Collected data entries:
□ □ □ □ □ □ □

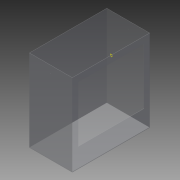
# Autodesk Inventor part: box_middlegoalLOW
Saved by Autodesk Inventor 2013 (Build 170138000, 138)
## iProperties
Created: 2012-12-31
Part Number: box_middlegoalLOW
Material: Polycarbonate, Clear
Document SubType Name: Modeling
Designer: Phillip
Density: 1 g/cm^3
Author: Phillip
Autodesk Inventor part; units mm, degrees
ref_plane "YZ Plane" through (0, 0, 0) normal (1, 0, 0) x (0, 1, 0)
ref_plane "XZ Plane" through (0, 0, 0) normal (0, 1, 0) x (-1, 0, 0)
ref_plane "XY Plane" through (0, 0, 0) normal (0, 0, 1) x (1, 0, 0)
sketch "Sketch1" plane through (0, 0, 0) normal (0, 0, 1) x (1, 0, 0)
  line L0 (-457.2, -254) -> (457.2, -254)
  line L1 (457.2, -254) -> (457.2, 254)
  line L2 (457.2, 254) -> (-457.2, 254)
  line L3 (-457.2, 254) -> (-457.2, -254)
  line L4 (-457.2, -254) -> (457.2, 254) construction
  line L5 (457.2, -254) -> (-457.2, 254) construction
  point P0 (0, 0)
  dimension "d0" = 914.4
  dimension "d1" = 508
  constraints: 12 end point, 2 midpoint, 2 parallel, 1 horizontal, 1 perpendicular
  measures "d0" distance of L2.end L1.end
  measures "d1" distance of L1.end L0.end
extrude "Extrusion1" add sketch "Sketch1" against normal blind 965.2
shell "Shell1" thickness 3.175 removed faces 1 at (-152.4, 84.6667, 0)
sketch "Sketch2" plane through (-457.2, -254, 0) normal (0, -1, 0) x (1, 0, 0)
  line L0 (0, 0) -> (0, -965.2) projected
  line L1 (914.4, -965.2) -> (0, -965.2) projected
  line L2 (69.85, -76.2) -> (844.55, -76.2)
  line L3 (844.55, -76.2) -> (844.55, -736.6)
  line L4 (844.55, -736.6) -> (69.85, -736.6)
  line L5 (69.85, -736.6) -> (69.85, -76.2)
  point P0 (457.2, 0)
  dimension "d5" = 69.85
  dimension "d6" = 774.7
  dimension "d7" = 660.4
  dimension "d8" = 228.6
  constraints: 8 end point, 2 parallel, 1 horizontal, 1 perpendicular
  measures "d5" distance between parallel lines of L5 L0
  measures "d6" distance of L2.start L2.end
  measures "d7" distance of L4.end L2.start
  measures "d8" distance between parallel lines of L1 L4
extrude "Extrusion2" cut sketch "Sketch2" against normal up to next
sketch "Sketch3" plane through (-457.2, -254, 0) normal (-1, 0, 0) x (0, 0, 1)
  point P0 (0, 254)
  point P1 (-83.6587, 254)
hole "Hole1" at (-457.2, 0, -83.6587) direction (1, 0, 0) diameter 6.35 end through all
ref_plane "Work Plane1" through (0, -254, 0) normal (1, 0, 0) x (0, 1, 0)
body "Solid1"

□ □ □ □ □ □ □

Could you repeat exactly the lines above from the line with "line L5 (69.85, -736.6) -> (69.85, -76.2)" up to and including the line with "0) x (0, 0, 1)", and only those?

  line L5 (69.85, -736.6) -> (69.85, -76.2)
  point P0 (457.2, 0)
  dimension "d5" = 69.85
  dimension "d6" = 774.7
  dimension "d7" = 660.4
  dimension "d8" = 228.6
  constraints: 8 end point, 2 parallel, 1 horizontal, 1 perpendicular
  measures "d5" distance between parallel lines of L5 L0
  measures "d6" distance of L2.start L2.end
  measures "d7" distance of L4.end L2.start
  measures "d8" distance between parallel lines of L1 L4
extrude "Extrusion2" cut sketch "Sketch2" against normal up to next
sketch "Sketch3" plane through (-457.2, -254, 0) normal (-1, 0, 0) x (0, 0, 1)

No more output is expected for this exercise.